From a simple tool to the entire toolbox
Mrs Van Duurling explained the development of RPA in recent years. “At the outset, RPA focused very much on outsourcing activities to the technical back-end (virtual machines).” That part was implemented mainly with the idea that companies could save money. In the meantime, RPA has become the starting step on the way to digital transformation. It introduces people to the practical aspects of technology, such as developing a business case. “You need to have a good business for such a back-end robot, one that shows how many hours a day you are going to save. As RPA matures, we are moving from a robot running its processes on a separate environment to the infrastructure around it.”
Stuffing robots with processes
This means that organizations will at some point have a platform to manage the software robots and the related licences. That will reduce the investment for rolling out additional robots – also because the processes in cooperation with IT will be clear by then. “As we have also started to run something like this ourselves and are stuffing the robots more with processes but are also splitting them off again, we can switch to assistant robots.” Such an assistant is a process for the employee. The assistant robot carries out a check on the expense reporting process, e.g. the parameters that determine whether the employee is entitled to a travel allowance; whether he or she is eligible for a leasing allowance; whether the manager is correctly linked, etc. “You start very small with a robot that can do a few things, but you can very easily add to it for the future because of its modular construction, so that it can become a full-fledged assistant for such a back-office employee.”
Taking the magic out of technology
She calls RPA a steppingstone at the beginning of the curve to intelligent automation. “You then move up.
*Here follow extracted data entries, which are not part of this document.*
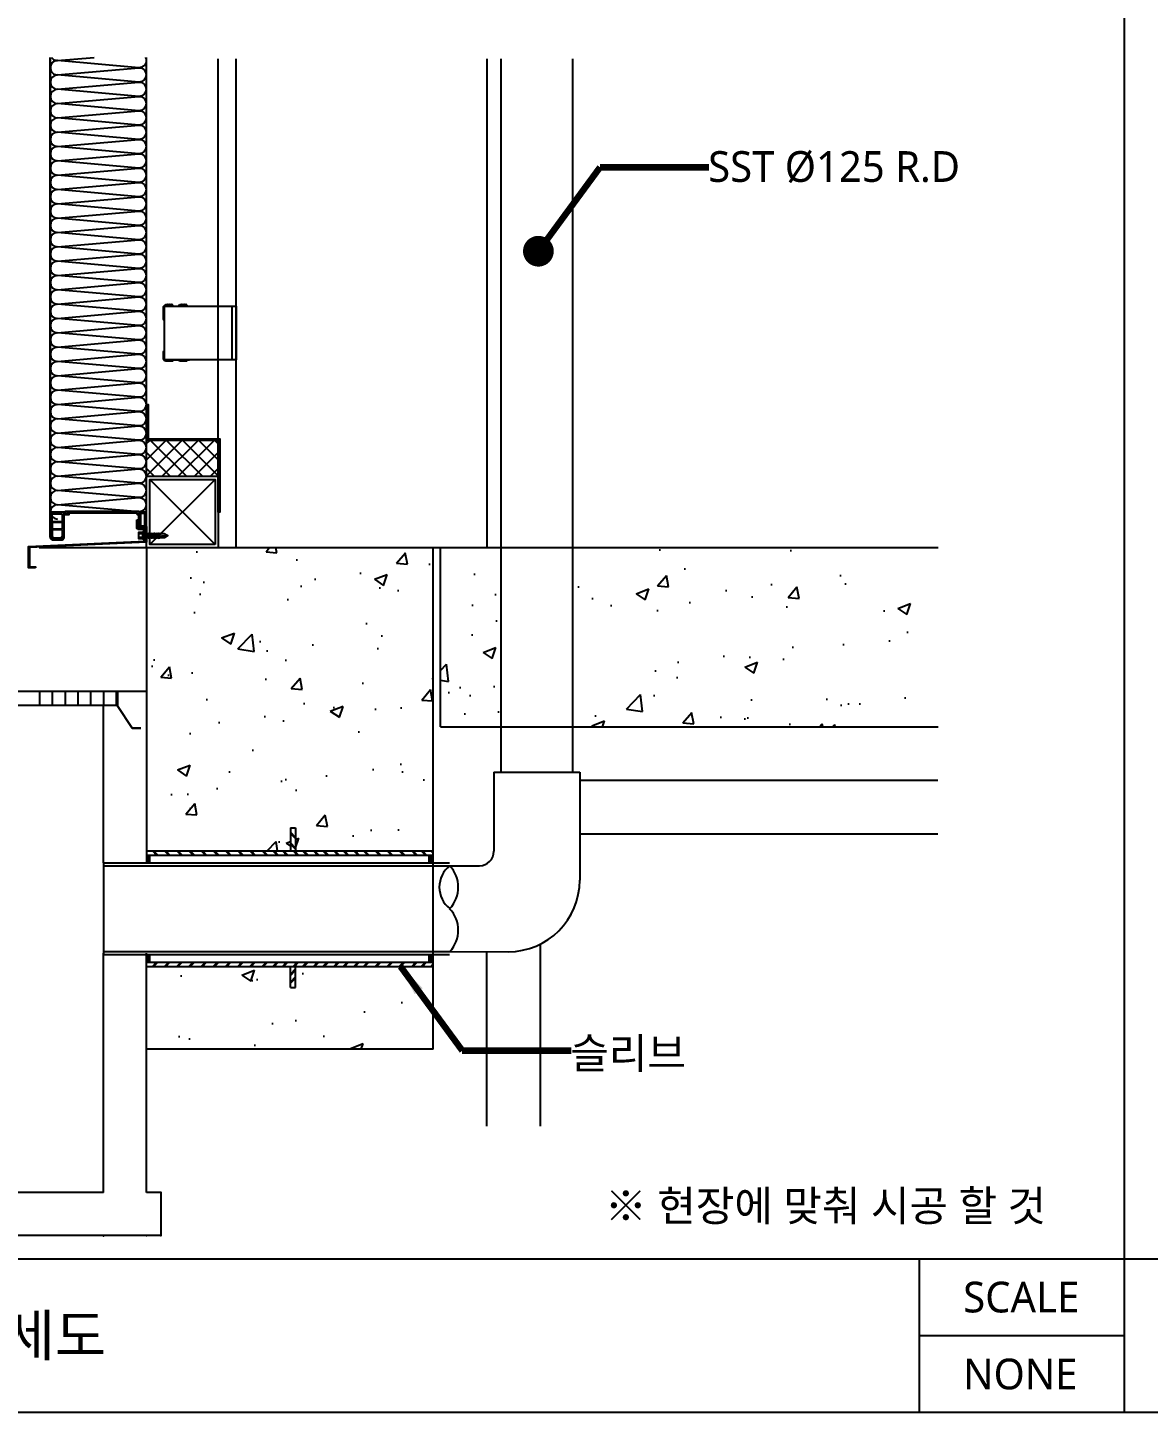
# Model space of a CAD drawing. Header units: millimetres. Extents: x 465 to 41696, y 198 to 5730.
# Drawn here: x 21367 to 22461, y 2970 to 4322 of the extents above; entities that cross this region are included whole.
import ezdxf
from ezdxf.enums import TextEntityAlignment as Align
from ezdxf.xclip import XClip

# ---------------------------------------------------------------- set-up
doc = ezdxf.new("R2010")
doc.units = ezdxf.units.MM
doc.header["$LTSCALE"] = 200
doc.header["$XCLIPFRAME"] = 0
doc.linetypes.add('CEN', pattern=[62, 60, -1, 0, -1])
doc.linetypes.add('HIDDEN', pattern=[2, 1, -1])
for name, color, linetype in [('0-S-col', 4, 'Continuous'), ('01단열재', 252, 'Continuous'), ('01하지철물', 8, 'Continuous'), ('142', 142, 'Continuous'), ('161', 161, 'Continuous'), ('A-CON', 2, 'Continuous'), ('A-sect_stl', 8, 'Continuous'), ('BOLT', 6, 'Continuous'), ('cen', 1, 'CEN'), ('COL', 2, 'Continuous'), ('CON', 2, 'Continuous'), ('ELE', 3, 'Continuous'), ('FIN', 11, 'Continuous'), ('FLA', 2, 'Continuous'), ('HAT', 8, 'Continuous'), ('HAT-254', 253, 'Continuous'), ('HAT-8', 8, 'Continuous'), ('INSUL', 252, 'Continuous'), ('LEAD', 6, 'Continuous'), ('PANEL', 6, 'Continuous'), ('SEC-6', 6, 'Continuous'), ('SEC-7', 7, 'Continuous'), ('squrepipe', 7, 'Continuous'), ('STL', 4, 'Continuous'), ('SYM', 7, 'Continuous'), ('SYP_BOLT', 9, 'Continuous'), ('SYP_FLASHING', 5, 'Continuous'), ('SYP_Insul', 252, 'Continuous'), ('SYP_STEEL', 4, 'Continuous'), ('TABLE', 7, 'Continuous'), ('TEXT', 3, 'Continuous'), ('WALL', 3, 'Continuous'), ('XR-sec$0$HAT-INS', 252, 'Continuous')]:
    doc.layers.add(name, color=color, linetype=linetype)
doc.styles.add('HB-tx', font='malgun.ttf', dxfattribs={"width": 0.9})
doc.styles.get("Standard").update_dxf_attribs({"font": 'arial.ttf'})
doc.styles.add('스타일1', font='malgun.ttf')
doc.linetypes.add('INSUL150', pattern='A,0.00254,-2.54,[134,ltypeshp.shx,S=18.75,R=0,X=-2.54,Y=0],-69.92,[134,ltypeshp.shx,S=18.75,R=180,X=2.54,Y=0],-2.54', length=75.00254)
doc.dimstyles.get("Standard").update_dxf_attribs({"dimtxt": 0.18, "dimasz": 0.18, "dimexe": 0.18, "dimexo": 0.0625, "dimgap": 0.09, "dimtad": 0, "dimtih": 1, "dimtoh": 1, "dimdec": 4, "dimzin": 0, "dimdsep": 46, "dimtxsty": 'Standard', "dimcen": 0.09, "dimadec": 0, "dimazin": 0, "dimtfac": 1, "dimtdec": 4, "dimtofl": 0, "dimtmove": 0, "dimatfit": 3, "dimfxl": 1, "dimtolj": 1, "dimtzin": 0, "dimarcsym": 0})
pattern_1 = [(50, (-119.21, -3492.23), (127.4161, -11.14746), [13.3232, -146.55486]), (355, (-119.2, -3492.23), (-24.6485, 133.6211), [10.6585, -117.2443]), (100.45144, (-108.59, -3493.16), (102.7676, 122.4737), [11.32295, -124.5526]), (46.1842, (-119.2, -3456.7), (189.587, -29.4035), [19.9848, -219.8323]), (96.6356, (-103.4, -3459.15), (166.0355, 173.0446), [16.9844, -186.829]), (351.18415, (-119.2, -3456.7), (166.0355, 173.0446), [15.9878, -175.8656]), (21, (-101.44, -3465.58), (106.0359, -71.52213), [13.3232, -146.55486]), (326, (-101.44, -3465.58), (43.22304, 128.8172), [10.6585, -117.2439]), (71.45144, (-92.6, -3471.54), (149.25895, 57.29506), [11.32295, -124.55235]), (37.5, (-119.206, -3492.23), (2.1601, 59.13601), [0, -115.82275, 0, -119.0203, 0, -117.688]), (7.5, (-119.206, -3492.23), (46.73227, 70.06418), [0, -67.85934, 0, -113.15811, 0, -44.85467]), (327.5, (-158.82, -3492.23), (94.82921, -4.00656), [0, -44.41056, 0, -138.56096, 0, -183.85973]), (317.5, (-176.585, -3492.23), (103.59843, 17.78275), [0, -57.73373, 0, -92.0187, 0, -130.56706])]

# ---------------------------------------------------------------- blocks, each defined once
blk = doc.blocks.new('SCW-1')
at = {"layer": 'BOLT', "color": 8, "linetype": 'HIDDEN', "ltscale": 0.5}
for p, q in [((150, 3), (150, 9)), ((154.1, 12), (151.1, 9)), ((151.1, 9), (151.1, 3)), ((151.1, 3), (154.1, 0)), ((153.1, 5.4), (153.1, 6.6)), ((153.1, 6.6), (154.5, 6.6)), ((154.5, 5.4), (153.1, 5.4)), ((154.5, 12), (154.1, 12)), ((154.1, 0), (154.5, 0)), ((154.5, 6.6), (154.5, 12)), ((154.5, 0), (154.5, 5.4))]:
    blk.add_line(p, q, dxfattribs=at)
for points in [[(0, 6), (9, 7), (11, 9), (12, 7), (10, 3)], [(10, 3), (5, 3), (0, 6), (5, 9), (11, 9)], [(150, 3), (10, 3)], [(11, 9), (150, 9)]]:
    blk.add_lwpolyline(points, dxfattribs=at)
for centre, start, end in [((150.6, 9.2), 199.4712, 340.5288), ((150.6, 2.8), 19.4712, 160.5288)]:
    blk.add_arc(centre, 0.6, start, end, dxfattribs=at)
blk = doc.blocks.new('PANEL-135-2500')
at = {"layer": '161'}
for p, q in [((-150, 2500), (0, 2500)), ((-150, 0), (0, 0)), ((-150, 0), (0, 0))]:
    blk.add_line(p, q, dxfattribs=at)
at = {"layer": 'BOLT', "color": 8, "linetype": 'HIDDEN', "ltscale": 0.5}
for p, q in [((-37.8, 2520.4), (-41.2, 2517)), ((-41.2, 2517), (-41.2, 2511)), ((-37.8, 2519.3), (-40.8, 2516.3)), ((-37.8, 2507.6), (-41.2, 2511)), ((-37.8, 2506.4), (-41.2, 2503)), ((-41.2, 2503), (-41.2, 2497)), ((-38.6, 2494.4), (-41.2, 2497)), ((-37.8, 2508.7), (-40.8, 2511.7)), ((-37.8, 2505.3), (-40.8, 2502.3)), ((-37.8, 2494.7), (-40.8, 2497.7)), ((-37.8, 2493.9), (-37.8, 2493.9))]:
    blk.add_line(p, q, dxfattribs=at)
at = {"layer": 'INSUL', "color": 251}
for p, q in [((-32.3, 35.5), (-32.3, 26.3)), ((-32.3, 35.5), (-18.3, 35.5)), ((-32.3, 26.3), (-18.3, 26.3)), ((-32.3, 25.3), (-32.3, 17)), ((-32.3, 25.3), (-18.3, 25.3)), ((-18.3, 35.5), (-18.3, 26.3)), ((-18.3, 25.3), (-18.3, 17)), ((-29, 13.6), (-21.7, 13.6))]:
    blk.add_line(p, q, dxfattribs=at)
for points in [[(-135.1, 2538.5), (-136, 2538.5, -0.414214), (-136.3, 2538.8), (-136.3, 2539), (-136.3, 2539.5, -0.414214), (-133.3, 2542.5), (-128.3, 2543.2), (-120.8, 2543.2, 0.414214), (-120.3, 2543.7), (-120.3, 2544, 0.414214), (-120.8, 2544.5), (-133.9, 2544.5), (-135.5, 2544.1, -0.487928), (-135.9, 2544.4), (-135.9, 2544.5, -0.414214), (-133.9, 2546.5), (-82.3, 2546.5), (-40.6, 2546.5, -0.414214), (-38.6, 2544.5), (-38.6, 2544.4, -0.487928), (-39, 2544.1), (-40.6, 2544.5), (-53.7, 2544.5, 0.414214), (-54.2, 2544), (-54.2, 2543.7, 0.414214), (-53.7, 2543.2), (-46.1, 2543.2), (-41.1, 2542.5, -0.414214), (-38.1, 2539.5), (-38.1, 2539), (-38.1, 2538.8, -0.414214), (-38.4, 2538.5), (-39.3, 2538.5, -0.414214), (-39.6, 2538.8), (-39.6, 2539, 0.414214), (-41.1, 2540.5), (-46.1, 2541.2), (-54.7, 2541.2, -0.414214), (-56.2, 2542.7), (-56.2, 2544, 0.414214), (-56.7, 2544.5), (-82.3, 2544.5), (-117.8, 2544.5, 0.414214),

In other words, you start with RPA and then start adding bits of cognitive intelligence like Natural Language or even artificial intelligence later.” Particular emphasis was given at Deloitte to the business case for employees taking their first steps on the way to actual digital transformation. “We said: go and find a business case first and then you can help build that robot and become an RPA developer alongside your tax-related activities.”
A blueprint for RPA development
Deloitte uses the model that the Tax department developed for RPA for other parts of the organization also. Mrs Van Duurling: “It is a blueprint. We have done this at another Deloitte department, but also abroad. We went to other Deloitte offices to share the methodology, because you notice that they too want to work with and understand the technology better. It is sometimes held back as if it were magic, whereas you want to get that magic out — so that colleagues will actually dare to try it and acquire the knowledge themselves.